A Q&A with Gerald Shulman

Gerald I. Shulman, MD, PhD, George R. Cowgill Professor of Medicine (Endocrinology) and Cellular and Molecular Physiology, Investigator Emeritus of the Howard Hughes Medical Institute, and co-director of the Yale Diabetes Research Center, studies the molecular basis for insulin resistance, a condition found in approximately forty percent of U.S. adults.

“One of the major threats to global health in the 21st century, insulin resistance is a key factor in the development of type 2 diabetes, cardiovascular disease, fatty liver disease, neurogenerative disease, and obesity-associated cancers,” Shulman said. “Understanding the molecular basis for insulin resistance can lead to novel therapies that help prevent these diseases.”
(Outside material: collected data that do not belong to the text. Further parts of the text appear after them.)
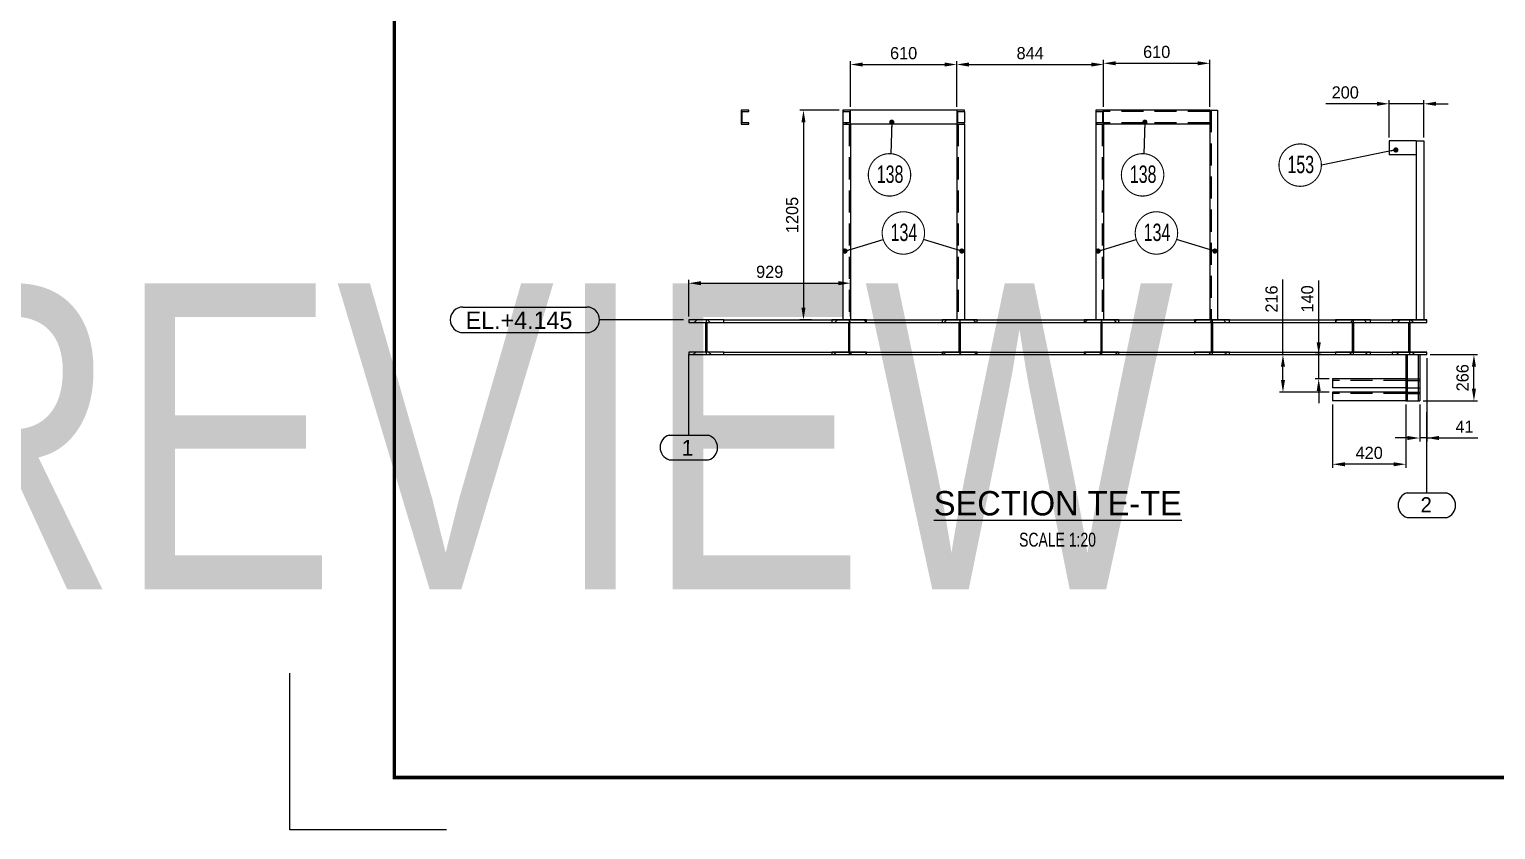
# Model space of a CAD drawing. Header units: millimetres. Extents: x 0 to 16187, y -20471 to 6290.
# Drawn here: x 12236.3 to 12657.6, y 3866.4 to 4096.5 of the extents above; entities that cross this region are included whole.
import ezdxf
from ezdxf.enums import TextEntityAlignment as Align

# ---------------------------------------------------------------- set-up
doc = ezdxf.new("R2018")
doc.units = ezdxf.units.MM
doc.header["$PDSIZE"] = -1
doc.linetypes.add('HIDDEN', pattern=[9.525, 6.35, -3.175])
doc.layers.add('BORDER1', color=3, linetype='Continuous')
doc.layers.add('BORDER2', color=7, linetype='Continuous')
doc.styles.add('ROMANC', font='ROMANC', dxfattribs={"height": 5})
doc.styles.add('ROMAND-1', font='ic-romand.shx')
doc.styles.add('ROMANS', font='ROMANS.shx', dxfattribs={"width": 0.8})
doc.styles.add('ROMANT', font='ROMANT', dxfattribs={"height": 4})
doc.styles.add('SLDTEXTSTYLE0', font='TXT', dxfattribs={"width": 0.75})
doc.styles.add('SLDTEXTSTYLE2', font='TXT', dxfattribs={"width": 0.686449})
doc.dimstyles.new('AM_ISO', dxfattribs={"dimtxt": 3.5, "dimasz": 3.5, "dimexe": 1, "dimexo": 1, "dimgap": 1.5, "dimtad": 1, "dimdsep": 46, "dimtxsty": 'Standard', "dimcen": 0, "dimclrd": 1, "dimclre": 1, "dimclrt": 1, "dimadec": 0, "dimazin": 2, "dimtp": 0.1, "dimtm": 0.1, "dimtfac": 0.71, "dimtdec": 3, "dimtmove": 0, "dimatfit": 3, "dimfxl": 1, "dimlwd": -1, "dimlwe": -1, "dimarcsym": 1})
doc.dimstyles.new('AM_ISO$7', dxfattribs={"dimtxt": 3.5, "dimasz": 3.5, "dimexe": 1, "dimexo": 1, "dimgap": 1.5, "dimtad": 1, "dimtoh": 1, "dimdsep": 46, "dimtxsty": 'Standard', "dimcen": 0, "dimclrd": 1, "dimclre": 1, "dimclrt": 1, "dimadec": 0, "dimazin": 2, "dimtp": 0.1, "dimtm": 0.1, "dimtfac": 0.71, "dimtdec": 3, "dimtmove": 0, "dimatfit": 3, "dimfxl": 1, "dimlwd": -1, "dimlwe": -1, "dimarcsym": 1})
pattern_1 = [(45, (12166.9565, 1704.3686), (-2.245064, 2.245064), [])]
pattern_2 = [(135, (12166.9565, 1704.3686), (-2.245064, -2.245064), [])]

# ---------------------------------------------------------------- blocks, each defined once
blk = doc.blocks.new('*D2467')
at = {"color": 1, "linetype": 'ByBlock'}
for p, q in [((12469.01, 4073.23), (12457.74, 4073.23)), ((12458.74, 4069.73), (12458.74, 4016.48)), ((12461.05, 4012.98), (12457.74, 4012.98))]:
    blk.add_line(p, q, dxfattribs=at)
at = {"color": 1}
for points in [[(12459.32, 4069.73), (12458.16, 4069.73), (12458.74, 4073.23)], [(12458.16, 4016.48), (12459.32, 4016.48), (12458.74, 4012.98)]]:
    blk.add_solid(points, dxfattribs=at)
at = {"layer": 'Defpoints', "color": 0}
for p in [(12470.01, 4073.23), (12458.74, 4012.98), (12462.05, 4012.98)]:
    blk.add_point(p, dxfattribs=at)
at = {"color": 1, "insert": (12455.49, 4043.11), "char_height": 3.5, "attachment_point": 5, "rotation": 90}
blk.add_mtext('1205', dxfattribs=at)
blk = doc.blocks.new('*D2468')
at = {"color": 1, "linetype": 'ByBlock'}
for p, q in [((12472.26, 4074.23), (12472.26, 4087.36)), ((12475.76, 4086.36), (12499.26, 4086.36)), ((12502.76, 4074.23), (12502.76, 4087.36))]:
    blk.add_line(p, q, dxfattribs=at)
at = {"color": 1}
for points in [[(12475.76, 4086.94), (12475.76, 4085.77), (12472.26, 4086.36)], [(12499.26, 4085.77), (12499.26, 4086.94), (12502.76, 4086.36)]]:
    blk.add_solid(points, dxfattribs=at)
at = {"layer": 'Defpoints', "color": 0}
for p in [(12502.76, 4086.36), (12472.26, 4073.23), (12502.76, 4073.23)]:
    blk.add_point(p, dxfattribs=at)
at = {"color": 1, "insert": (12487.51, 4089.61), "char_height": 3.5, "attachment_point": 5}
blk.add_mtext('610', dxfattribs=at)
blk = doc.blocks.new('*D2469')
at = {"color": 1, "linetype": 'ByBlock'}
for p, q in [((12544.96, 4074.23), (12544.96, 4087.71)), ((12548.46, 4086.71), (12571.96, 4086.71)), ((12575.46, 4074.23), (12575.46, 4087.71))]:
    blk.add_line(p, q, dxfattribs=at)
at = {"color": 1}
for points in [[(12548.46, 4087.29), (12548.46, 4086.12), (12544.96, 4086.71)], [(12571.96, 4086.12), (12571.96, 4087.29), (12575.46, 4086.71)]]:
    blk.add_solid(points, dxfattribs=at)
at = {"layer": 'Defpoints', "color": 0}
for p in [(12575.46, 4086.71), (12544.96, 4073.23), (12575.46, 4073.23)]:
    blk.add_point(p, dxfattribs=at)
at = {"color": 1, "insert": (12560.21, 4089.96), "char_height": 3.5, "attachment_point": 5}
blk.add_mtext('610', dxfattribs=at)
blk = doc.blocks.new('*D2470')
at = {"color": 1, "linetype": 'ByBlock'}
for p, q in [((12425.81, 4013.98), (12425.81, 4024.51)), ((12429.31, 4023.51), (12468.76, 4023.51)), ((12472.26, 4013.98), (12472.26, 4024.51))]:
    blk.add_line(p, q, dxfattribs=at)
at = {"color": 1}
for points in [[(12429.31, 4024.1), (12429.31, 4022.93), (12425.81, 4023.51)], [(12468.76, 4022.93), (12468.76, 4024.1), (12472.26, 4023.51)]]:
    blk.add_solid(points, dxfattribs=at)
at = {"layer": 'Defpoints', "color": 0}
for p in [(12472.26, 4023.51), (12425.81, 4012.98), (12472.26, 4012.98)]:
    blk.add_point(p, dxfattribs=at)
at = {"color": 1, "insert": (12449.04, 4026.76), "char_height": 3.5, "attachment_point": 5}
blk.add_mtext('929', dxfattribs=at)
blk = doc.blocks.new('*D2471')
at = {"color": 1, "linetype": 'ByBlock'}
for p, q in [((12502.76, 4074.23), (12502.76, 4087.36)), ((12506.26, 4086.36), (12541.46, 4086.36)), ((12544.96, 4074.23), (12544.96, 4087.36))]:
    blk.add_line(p, q, dxfattribs=at)
at = {"color": 1}
for points in [[(12506.26, 4086.94), (12506.26, 4085.77), (12502.76, 4086.36)], [(12541.46, 4085.77), (12541.46, 4086.94), (12544.96, 4086.36)]]:
    blk.add_solid(points, dxfattribs=at)
at = {"layer": 'Defpoints', "color": 0}
for p in [(12544.96, 4086.36), (12502.76, 4073.23), (12544.96, 4073.23)]:
    blk.add_point(p, dxfattribs=at)
at = {"color": 1, "insert": (12523.86, 4089.61), "char_height": 3.5, "attachment_point": 5}
blk.add_mtext('844', dxfattribs=at)
blk = doc.blocks.new('*D2472')
at = {"color": 1, "linetype": 'ByBlock'}
for p, q in [((12637.81, 4001.98), (12637.81, 3978.02)), ((12635.76, 3988.68), (12635.76, 3978.02)), ((12632.26, 3979.02), (12628.76, 3979.02)), ((12637.81, 3979.02), (12635.76, 3979.02)), ((12637.81, 3979.02), (12652.48, 3979.02)), ((12641.31, 3979.02), (12644.81, 3979.02))]:
    blk.add_line(p, q, dxfattribs=at)
at = {"color": 1}
for points in [[(12632.26, 3978.43), (12632.26, 3979.6), (12635.76, 3979.02)], [(12641.31, 3979.6), (12641.31, 3978.43), (12637.81, 3979.02)]]:
    blk.add_solid(points, dxfattribs=at)
at = {"layer": 'Defpoints', "color": 0}
for p in [(12637.81, 4002.98), (12635.76, 3989.68), (12635.76, 3979.02)]:
    blk.add_point(p, dxfattribs=at)
at = {"color": 1, "insert": (12648.65, 3982.27), "char_height": 3.5, "attachment_point": 5}
blk.add_mtext('41', dxfattribs=at)
blk = doc.blocks.new('*D2473')
at = {"color": 1, "linetype": 'ByBlock'}
for p, q in [((12638.81, 4002.98), (12652.35, 4002.98)), ((12651.35, 3993.18), (12651.35, 3999.48)), ((12636.76, 3989.68), (12652.35, 3989.68))]:
    blk.add_line(p, q, dxfattribs=at)
at = {"color": 1}
for points in [[(12651.93, 3999.48), (12650.77, 3999.48), (12651.35, 4002.98)], [(12650.77, 3993.18), (12651.93, 3993.18), (12651.35, 3989.68)]]:
    blk.add_solid(points, dxfattribs=at)
at = {"layer": 'Defpoints', "color": 0}
for p in [(12637.81, 4002.98), (12651.35, 4002.98), (12635.76, 3989.68)]:
    blk.add_point(p, dxfattribs=at)
at = {"color": 1, "insert": (12648.1, 3996.33), "char_height": 3.5, "attachment_point": 5, "rotation": 90}
blk.add_mtext('266', dxfattribs=at)
blk = doc.blocks.new('*D2474')
at = {"color": 1, "linetype": 'ByBlock'}
for p, q in [((12610.76, 3988.68), (12610.76, 3970.47)), ((12631.76, 3988.68), (12631.76, 3970.47)), ((12628.26, 3971.47), (12614.26, 3971.47))]:
    blk.add_line(p, q, dxfattribs=at)
at = {"color": 1}
for points in [[(12614.26, 3972.05), (12614.26, 3970.88), (12610.76, 3971.47)], [(12628.26, 3970.88), (12628.26, 3972.05), (12631.76, 3971.47)]]:
    blk.add_solid(points, dxfattribs=at)
at = {"layer": 'Defpoints', "color": 0}
for p in [(12610.76, 3989.68), (12631.76, 3989.68), (12610.76, 3971.47)]:
    blk.add_point(p, dxfattribs=at)
at = {"color": 1, "insert": (12621.26, 3974.72), "char_height": 3.5, "attachment_point": 5}
blk.add_mtext('420', dxfattribs=at)
blk = doc.blocks.new('*D2475')
at = {"color": 1, "linetype": 'ByBlock'}
for p, q in [((12606.75, 4002.98), (12606.75, 4024.28)), ((12606.75, 4006.48), (12606.75, 4009.98)), ((12607.49, 4002.98), (12605.75, 4002.98)), ((12606.75, 3995.98), (12606.75, 4002.98)), ((12609.76, 3995.98), (12605.75, 3995.98)), ((12606.75, 3992.48), (12606.75, 3988.98))]:
    blk.add_line(p, q, dxfattribs=at)
at = {"color": 1}
for points in [[(12606.17, 4006.48), (12607.34, 4006.48), (12606.75, 4002.98)], [(12607.34, 3992.48), (12606.17, 3992.48), (12606.75, 3995.98)]]:
    blk.add_solid(points, dxfattribs=at)
at = {"layer": 'Defpoints', "color": 0}
for p in [(12606.75, 4002.98), (12608.49, 4002.98), (12610.76, 3995.98)]:
    blk.add_point(p, dxfattribs=at)
at = {"color": 1, "insert": (12603.5, 4018.99), "char_height": 3.5, "attachment_point": 5, "rotation": 90}
blk.add_mtext('140', dxfattribs=at)
blk = doc.blocks.new('*D2476')
at = {"color": 1, "linetype": 'ByBlock'}
for p, q in [((12596.48, 4002.98), (12596.48, 4024.55)), ((12596.54, 4002.98), (12597.48, 4002.98)), ((12596.48, 3995.68), (12596.48, 3999.48)), ((12609.76, 3992.18), (12595.48, 3992.18))]:
    blk.add_line(p, q, dxfattribs=at)
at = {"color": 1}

Shulman is the recipient of numerous awards, including the American Diabetes Association’s Banting Medal for Scientific Achievement, the European Association for the Study of Diabetes-Lilly Centennial Anniversary Prize, the American Society of Clinical Investigation’s Stanley J. Korsmeyer Award, and the Endocrine Society’s Outstanding Clinical Investigator Award. Most recently, he was selected for the Bodil M. Schmidt-Nielsen Distinguished Mentor and Scientist Award, which recognizes a member of the American Physiological Society who has made outstanding contributions to research and to training the next generation of physiologists.

In a Q&A, Shulman discusses the basics of insulin resistance, how the condition impacts our health, and the steps we can take to reverse it.

What is insulin resistance?

The hormone insulin, which is produced by the pancreas, regulates blood glucose, or sugar from the food we eat, by allowing it to enter the body’s cells, where it is used for energy. Insulin resistance—found in both lean and overweight individuals—is when the body’s cells don’t effectively respond to insulin and take in glucose, leading to high blood sugar levels.

What causes it?

My lab has found that insulin resistance in liver and skeletal muscle, the organs where insulin normally promotes glucose storage as glycogen, is linked to increased ectopic lipid accumulation, or fat accumulation inside the liver and muscle cells.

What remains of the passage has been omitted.